[Required action] In the listing below, find the line with "msp = doc.modelspace()", then repeat exactly every line from the top through that one.

[Data excerpts]
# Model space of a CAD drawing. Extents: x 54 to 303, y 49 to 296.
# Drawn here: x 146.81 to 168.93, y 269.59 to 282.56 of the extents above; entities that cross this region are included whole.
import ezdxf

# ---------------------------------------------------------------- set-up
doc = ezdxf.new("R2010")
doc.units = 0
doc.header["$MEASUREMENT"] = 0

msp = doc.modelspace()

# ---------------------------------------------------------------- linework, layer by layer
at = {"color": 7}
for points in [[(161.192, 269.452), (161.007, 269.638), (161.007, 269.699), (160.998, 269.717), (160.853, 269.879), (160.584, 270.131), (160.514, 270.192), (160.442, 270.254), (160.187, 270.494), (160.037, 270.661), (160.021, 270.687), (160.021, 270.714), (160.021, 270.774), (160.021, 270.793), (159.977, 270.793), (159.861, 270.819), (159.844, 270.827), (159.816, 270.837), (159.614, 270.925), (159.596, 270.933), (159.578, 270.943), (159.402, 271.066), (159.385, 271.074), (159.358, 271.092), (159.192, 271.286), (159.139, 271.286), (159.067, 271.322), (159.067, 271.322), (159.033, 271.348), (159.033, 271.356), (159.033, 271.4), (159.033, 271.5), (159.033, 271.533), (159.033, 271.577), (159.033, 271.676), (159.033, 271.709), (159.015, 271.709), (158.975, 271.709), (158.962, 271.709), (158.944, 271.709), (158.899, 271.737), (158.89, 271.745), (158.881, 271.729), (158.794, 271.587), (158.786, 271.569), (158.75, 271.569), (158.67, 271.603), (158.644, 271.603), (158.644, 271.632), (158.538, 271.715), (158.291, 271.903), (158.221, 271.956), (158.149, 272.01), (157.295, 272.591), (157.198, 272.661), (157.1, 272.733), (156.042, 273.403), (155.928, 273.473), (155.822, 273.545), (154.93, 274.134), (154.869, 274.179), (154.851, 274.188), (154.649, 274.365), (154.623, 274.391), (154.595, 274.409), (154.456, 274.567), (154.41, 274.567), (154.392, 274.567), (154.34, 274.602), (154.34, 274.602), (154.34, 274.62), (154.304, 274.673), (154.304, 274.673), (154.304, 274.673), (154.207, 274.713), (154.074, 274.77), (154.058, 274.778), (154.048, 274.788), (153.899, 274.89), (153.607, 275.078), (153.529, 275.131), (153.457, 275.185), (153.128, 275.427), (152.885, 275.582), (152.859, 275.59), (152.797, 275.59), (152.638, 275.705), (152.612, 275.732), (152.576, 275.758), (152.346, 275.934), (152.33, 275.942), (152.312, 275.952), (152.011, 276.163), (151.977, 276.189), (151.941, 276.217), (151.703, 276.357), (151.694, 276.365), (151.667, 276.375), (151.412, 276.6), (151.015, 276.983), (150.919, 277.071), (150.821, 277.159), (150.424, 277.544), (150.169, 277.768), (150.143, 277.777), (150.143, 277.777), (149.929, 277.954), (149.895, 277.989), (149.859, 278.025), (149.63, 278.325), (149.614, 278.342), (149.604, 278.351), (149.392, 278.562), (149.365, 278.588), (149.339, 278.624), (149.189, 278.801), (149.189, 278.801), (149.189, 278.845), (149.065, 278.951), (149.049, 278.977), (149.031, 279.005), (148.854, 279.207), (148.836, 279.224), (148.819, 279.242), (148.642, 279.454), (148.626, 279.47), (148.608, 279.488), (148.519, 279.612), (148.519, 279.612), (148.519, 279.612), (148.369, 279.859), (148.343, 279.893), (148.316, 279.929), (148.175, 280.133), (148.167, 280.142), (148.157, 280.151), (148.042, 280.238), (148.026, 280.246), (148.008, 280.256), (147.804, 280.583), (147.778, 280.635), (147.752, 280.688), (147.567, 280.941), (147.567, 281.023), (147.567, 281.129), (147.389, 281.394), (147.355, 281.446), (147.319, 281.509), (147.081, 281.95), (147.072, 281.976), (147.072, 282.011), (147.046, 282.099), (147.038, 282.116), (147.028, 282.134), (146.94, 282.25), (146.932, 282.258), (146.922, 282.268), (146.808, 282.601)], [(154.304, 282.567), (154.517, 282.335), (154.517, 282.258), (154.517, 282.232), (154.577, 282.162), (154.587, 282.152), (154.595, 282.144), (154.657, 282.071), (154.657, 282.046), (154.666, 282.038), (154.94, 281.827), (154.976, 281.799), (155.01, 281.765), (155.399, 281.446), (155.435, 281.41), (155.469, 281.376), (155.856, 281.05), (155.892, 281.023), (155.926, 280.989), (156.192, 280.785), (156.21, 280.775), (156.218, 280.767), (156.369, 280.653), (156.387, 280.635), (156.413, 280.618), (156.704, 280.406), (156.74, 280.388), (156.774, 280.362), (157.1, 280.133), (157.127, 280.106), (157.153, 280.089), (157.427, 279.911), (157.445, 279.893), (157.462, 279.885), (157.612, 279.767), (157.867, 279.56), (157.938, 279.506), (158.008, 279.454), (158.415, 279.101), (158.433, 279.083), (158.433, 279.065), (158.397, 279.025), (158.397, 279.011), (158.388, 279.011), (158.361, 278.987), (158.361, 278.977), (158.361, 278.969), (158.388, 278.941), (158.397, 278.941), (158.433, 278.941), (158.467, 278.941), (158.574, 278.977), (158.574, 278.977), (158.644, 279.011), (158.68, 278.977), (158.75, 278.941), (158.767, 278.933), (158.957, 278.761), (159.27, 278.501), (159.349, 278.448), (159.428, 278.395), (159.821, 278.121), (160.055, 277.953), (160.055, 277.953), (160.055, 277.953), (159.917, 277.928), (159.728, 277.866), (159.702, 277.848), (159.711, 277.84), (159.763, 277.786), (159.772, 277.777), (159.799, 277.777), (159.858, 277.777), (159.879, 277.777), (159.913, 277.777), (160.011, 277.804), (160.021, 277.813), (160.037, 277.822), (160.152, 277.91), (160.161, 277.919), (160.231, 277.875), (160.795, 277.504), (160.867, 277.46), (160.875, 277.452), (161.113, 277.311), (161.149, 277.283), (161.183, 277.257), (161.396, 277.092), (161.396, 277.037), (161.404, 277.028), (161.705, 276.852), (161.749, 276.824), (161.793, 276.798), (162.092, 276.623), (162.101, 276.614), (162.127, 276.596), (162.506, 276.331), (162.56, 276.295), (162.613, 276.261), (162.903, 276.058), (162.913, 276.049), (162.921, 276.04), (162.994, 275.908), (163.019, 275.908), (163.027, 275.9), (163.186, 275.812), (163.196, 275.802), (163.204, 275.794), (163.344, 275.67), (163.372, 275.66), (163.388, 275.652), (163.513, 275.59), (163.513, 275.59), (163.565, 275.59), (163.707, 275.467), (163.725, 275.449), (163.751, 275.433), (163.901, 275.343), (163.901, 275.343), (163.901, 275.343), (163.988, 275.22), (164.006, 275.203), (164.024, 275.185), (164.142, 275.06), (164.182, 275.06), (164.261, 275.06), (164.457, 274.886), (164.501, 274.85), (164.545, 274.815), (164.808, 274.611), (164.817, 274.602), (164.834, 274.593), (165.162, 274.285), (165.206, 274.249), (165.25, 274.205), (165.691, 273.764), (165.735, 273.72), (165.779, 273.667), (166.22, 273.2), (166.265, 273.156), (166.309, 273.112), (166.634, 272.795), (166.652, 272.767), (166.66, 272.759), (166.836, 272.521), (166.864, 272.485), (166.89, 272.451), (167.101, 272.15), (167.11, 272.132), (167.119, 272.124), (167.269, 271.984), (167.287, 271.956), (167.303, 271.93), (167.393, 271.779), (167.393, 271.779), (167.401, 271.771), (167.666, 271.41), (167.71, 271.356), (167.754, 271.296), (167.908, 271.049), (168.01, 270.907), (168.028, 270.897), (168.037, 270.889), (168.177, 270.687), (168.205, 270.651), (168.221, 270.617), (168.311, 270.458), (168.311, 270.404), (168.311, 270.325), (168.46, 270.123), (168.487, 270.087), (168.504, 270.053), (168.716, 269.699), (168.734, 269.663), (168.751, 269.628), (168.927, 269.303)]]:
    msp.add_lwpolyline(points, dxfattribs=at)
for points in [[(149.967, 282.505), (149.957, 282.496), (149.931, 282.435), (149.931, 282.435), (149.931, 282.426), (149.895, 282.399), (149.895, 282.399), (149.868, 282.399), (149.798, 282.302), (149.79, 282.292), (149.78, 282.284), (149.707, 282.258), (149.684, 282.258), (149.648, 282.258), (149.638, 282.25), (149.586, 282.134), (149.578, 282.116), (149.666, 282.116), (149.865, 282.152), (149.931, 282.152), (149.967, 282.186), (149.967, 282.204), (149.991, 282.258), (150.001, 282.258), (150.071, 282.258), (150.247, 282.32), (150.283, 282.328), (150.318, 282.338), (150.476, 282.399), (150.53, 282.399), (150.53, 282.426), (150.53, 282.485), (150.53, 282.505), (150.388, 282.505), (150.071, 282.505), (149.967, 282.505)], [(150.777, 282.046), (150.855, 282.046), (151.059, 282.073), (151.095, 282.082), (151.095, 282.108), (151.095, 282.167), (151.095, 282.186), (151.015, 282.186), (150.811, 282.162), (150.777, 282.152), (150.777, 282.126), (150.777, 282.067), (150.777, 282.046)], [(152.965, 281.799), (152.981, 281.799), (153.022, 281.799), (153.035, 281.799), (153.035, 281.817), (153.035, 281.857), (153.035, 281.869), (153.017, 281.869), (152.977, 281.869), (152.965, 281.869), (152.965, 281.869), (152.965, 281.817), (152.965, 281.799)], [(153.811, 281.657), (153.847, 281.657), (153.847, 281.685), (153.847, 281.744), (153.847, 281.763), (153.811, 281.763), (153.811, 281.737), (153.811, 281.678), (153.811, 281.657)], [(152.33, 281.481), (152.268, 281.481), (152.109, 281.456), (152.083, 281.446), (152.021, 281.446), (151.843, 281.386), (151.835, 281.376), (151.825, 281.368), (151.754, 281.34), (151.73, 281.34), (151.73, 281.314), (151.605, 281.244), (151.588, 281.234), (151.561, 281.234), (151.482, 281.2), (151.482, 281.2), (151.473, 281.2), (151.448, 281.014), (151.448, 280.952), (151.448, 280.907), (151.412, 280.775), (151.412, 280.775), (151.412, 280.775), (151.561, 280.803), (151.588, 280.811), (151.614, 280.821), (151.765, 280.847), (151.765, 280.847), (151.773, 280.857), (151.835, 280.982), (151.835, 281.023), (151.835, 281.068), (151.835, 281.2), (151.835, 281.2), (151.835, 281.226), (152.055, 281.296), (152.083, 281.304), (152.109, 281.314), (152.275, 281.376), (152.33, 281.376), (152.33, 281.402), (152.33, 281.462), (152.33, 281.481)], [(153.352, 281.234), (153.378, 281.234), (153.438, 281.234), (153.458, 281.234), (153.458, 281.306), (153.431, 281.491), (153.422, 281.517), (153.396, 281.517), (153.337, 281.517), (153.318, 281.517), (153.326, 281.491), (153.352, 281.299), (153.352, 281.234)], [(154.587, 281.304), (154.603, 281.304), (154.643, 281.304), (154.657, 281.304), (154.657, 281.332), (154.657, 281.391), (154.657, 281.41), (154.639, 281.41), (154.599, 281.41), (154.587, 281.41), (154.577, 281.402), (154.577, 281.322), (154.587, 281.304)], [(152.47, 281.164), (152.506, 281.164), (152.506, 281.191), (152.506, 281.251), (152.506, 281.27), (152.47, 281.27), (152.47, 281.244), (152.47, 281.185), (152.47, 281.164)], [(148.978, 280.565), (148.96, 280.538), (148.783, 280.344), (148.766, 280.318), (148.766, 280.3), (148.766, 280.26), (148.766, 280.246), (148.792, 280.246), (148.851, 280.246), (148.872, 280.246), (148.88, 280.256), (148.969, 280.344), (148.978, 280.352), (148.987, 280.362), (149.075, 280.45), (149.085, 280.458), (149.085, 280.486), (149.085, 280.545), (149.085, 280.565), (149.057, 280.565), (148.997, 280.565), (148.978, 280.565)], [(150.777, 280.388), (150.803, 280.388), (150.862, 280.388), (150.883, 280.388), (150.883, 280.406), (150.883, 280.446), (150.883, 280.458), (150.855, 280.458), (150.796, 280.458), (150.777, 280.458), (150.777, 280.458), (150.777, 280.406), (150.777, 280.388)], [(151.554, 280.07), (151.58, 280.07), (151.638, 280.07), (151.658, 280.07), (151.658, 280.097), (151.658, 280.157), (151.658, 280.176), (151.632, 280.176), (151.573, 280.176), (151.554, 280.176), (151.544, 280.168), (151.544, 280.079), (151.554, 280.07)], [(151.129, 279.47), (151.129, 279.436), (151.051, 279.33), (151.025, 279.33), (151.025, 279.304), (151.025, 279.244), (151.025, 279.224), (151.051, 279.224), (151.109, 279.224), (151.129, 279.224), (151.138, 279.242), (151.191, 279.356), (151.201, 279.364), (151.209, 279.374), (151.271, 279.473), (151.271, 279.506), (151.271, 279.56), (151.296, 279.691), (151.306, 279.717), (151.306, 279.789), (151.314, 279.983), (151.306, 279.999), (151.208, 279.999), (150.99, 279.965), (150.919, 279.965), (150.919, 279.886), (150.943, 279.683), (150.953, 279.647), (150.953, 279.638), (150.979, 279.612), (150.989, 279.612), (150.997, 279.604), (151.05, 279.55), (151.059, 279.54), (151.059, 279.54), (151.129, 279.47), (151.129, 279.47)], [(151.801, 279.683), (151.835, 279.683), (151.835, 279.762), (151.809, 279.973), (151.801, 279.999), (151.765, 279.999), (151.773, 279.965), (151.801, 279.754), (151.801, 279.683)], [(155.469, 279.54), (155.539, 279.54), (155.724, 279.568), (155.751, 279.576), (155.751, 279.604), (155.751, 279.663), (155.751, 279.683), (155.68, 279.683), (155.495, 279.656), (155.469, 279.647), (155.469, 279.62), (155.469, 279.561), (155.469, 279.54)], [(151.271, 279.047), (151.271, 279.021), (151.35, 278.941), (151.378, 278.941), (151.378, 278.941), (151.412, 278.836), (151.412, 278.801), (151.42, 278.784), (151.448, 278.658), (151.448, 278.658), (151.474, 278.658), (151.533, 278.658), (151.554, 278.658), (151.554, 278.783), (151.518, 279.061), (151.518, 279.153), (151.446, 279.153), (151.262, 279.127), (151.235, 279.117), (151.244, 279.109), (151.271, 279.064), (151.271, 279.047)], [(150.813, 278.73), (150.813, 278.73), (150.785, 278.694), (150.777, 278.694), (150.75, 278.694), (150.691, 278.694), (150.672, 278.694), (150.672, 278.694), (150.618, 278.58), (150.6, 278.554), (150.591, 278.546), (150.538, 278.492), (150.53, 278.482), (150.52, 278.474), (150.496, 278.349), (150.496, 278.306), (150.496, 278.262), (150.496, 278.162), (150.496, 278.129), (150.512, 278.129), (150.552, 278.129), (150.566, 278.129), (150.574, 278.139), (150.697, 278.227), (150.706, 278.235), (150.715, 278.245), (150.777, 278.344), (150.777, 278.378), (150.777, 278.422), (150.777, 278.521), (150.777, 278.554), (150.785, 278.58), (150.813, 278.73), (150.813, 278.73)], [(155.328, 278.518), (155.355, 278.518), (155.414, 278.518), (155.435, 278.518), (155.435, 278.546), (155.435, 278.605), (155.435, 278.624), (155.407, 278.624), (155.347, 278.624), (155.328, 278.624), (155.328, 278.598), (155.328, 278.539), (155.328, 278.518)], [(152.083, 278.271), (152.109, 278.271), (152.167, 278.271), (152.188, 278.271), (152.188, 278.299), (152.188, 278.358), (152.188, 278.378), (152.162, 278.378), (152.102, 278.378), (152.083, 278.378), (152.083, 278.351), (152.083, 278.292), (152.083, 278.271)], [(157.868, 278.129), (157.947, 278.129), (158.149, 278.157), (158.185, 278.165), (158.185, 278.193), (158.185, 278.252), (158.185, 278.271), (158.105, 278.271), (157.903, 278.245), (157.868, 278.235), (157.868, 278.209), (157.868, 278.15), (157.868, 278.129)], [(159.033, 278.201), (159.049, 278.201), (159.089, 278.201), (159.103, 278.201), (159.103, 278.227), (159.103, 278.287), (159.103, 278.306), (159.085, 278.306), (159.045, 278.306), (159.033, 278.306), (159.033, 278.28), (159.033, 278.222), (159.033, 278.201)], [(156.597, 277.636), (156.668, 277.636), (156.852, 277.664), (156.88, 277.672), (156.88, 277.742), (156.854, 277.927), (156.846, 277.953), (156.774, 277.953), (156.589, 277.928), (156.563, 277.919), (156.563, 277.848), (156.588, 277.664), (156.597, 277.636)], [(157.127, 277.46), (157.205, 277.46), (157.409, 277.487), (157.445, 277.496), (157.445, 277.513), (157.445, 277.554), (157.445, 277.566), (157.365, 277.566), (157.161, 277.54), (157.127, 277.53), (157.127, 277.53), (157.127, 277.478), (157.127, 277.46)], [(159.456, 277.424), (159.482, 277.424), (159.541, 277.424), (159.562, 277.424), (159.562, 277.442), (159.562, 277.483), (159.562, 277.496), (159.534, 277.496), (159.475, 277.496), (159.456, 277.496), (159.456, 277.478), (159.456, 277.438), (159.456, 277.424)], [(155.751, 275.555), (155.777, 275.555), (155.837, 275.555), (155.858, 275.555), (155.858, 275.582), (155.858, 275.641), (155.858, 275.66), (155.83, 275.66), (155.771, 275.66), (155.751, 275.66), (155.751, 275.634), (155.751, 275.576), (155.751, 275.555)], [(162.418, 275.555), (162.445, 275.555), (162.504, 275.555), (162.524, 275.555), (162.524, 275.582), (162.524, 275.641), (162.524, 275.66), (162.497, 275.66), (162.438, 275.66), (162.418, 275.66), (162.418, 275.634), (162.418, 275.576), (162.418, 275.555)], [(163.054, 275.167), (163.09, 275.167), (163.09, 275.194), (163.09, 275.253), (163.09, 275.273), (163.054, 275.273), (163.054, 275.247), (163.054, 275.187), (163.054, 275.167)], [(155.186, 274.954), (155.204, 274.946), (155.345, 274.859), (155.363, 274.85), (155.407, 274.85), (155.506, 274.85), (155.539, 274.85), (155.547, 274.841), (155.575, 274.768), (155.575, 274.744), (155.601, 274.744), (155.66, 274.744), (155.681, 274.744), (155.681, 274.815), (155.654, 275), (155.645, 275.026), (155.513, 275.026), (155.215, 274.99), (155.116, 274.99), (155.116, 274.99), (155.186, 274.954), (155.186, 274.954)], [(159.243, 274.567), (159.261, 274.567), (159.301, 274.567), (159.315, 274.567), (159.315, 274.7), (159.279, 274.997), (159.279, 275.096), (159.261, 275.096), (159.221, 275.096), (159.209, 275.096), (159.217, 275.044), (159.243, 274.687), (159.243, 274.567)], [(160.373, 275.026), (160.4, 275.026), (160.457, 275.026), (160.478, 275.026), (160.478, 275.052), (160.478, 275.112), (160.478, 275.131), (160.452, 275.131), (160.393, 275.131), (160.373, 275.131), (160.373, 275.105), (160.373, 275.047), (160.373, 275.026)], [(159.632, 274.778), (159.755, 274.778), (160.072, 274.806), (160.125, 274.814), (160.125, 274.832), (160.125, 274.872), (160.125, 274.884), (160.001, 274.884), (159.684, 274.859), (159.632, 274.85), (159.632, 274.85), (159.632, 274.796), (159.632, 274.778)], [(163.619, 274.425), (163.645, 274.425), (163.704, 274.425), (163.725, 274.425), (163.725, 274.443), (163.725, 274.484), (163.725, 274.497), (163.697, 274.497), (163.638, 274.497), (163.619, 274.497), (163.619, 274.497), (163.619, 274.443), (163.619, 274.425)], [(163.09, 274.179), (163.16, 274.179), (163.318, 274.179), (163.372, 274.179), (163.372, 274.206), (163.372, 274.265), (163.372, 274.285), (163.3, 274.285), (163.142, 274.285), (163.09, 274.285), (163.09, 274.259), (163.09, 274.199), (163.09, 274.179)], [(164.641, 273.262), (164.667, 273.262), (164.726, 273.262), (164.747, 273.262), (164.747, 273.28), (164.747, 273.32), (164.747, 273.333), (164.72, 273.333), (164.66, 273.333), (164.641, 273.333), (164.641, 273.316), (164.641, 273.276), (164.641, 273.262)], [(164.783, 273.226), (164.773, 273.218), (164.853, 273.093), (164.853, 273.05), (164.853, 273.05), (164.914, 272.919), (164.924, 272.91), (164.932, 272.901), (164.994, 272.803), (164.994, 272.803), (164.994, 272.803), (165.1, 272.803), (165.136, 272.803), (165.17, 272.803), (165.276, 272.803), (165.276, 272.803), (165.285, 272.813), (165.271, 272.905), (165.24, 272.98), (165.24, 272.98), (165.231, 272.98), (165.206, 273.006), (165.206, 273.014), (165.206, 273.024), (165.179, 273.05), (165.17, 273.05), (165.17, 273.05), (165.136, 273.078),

[Result for this exercise]
# Model space of a CAD drawing. Extents: x 54 to 303, y 49 to 296.
# Drawn here: x 146.81 to 168.93, y 269.59 to 282.56 of the extents above; entities that cross this region are included whole.
import ezdxf

# ---------------------------------------------------------------- set-up
doc = ezdxf.new("R2010")
doc.units = 0
doc.header["$MEASUREMENT"] = 0

msp = doc.modelspace()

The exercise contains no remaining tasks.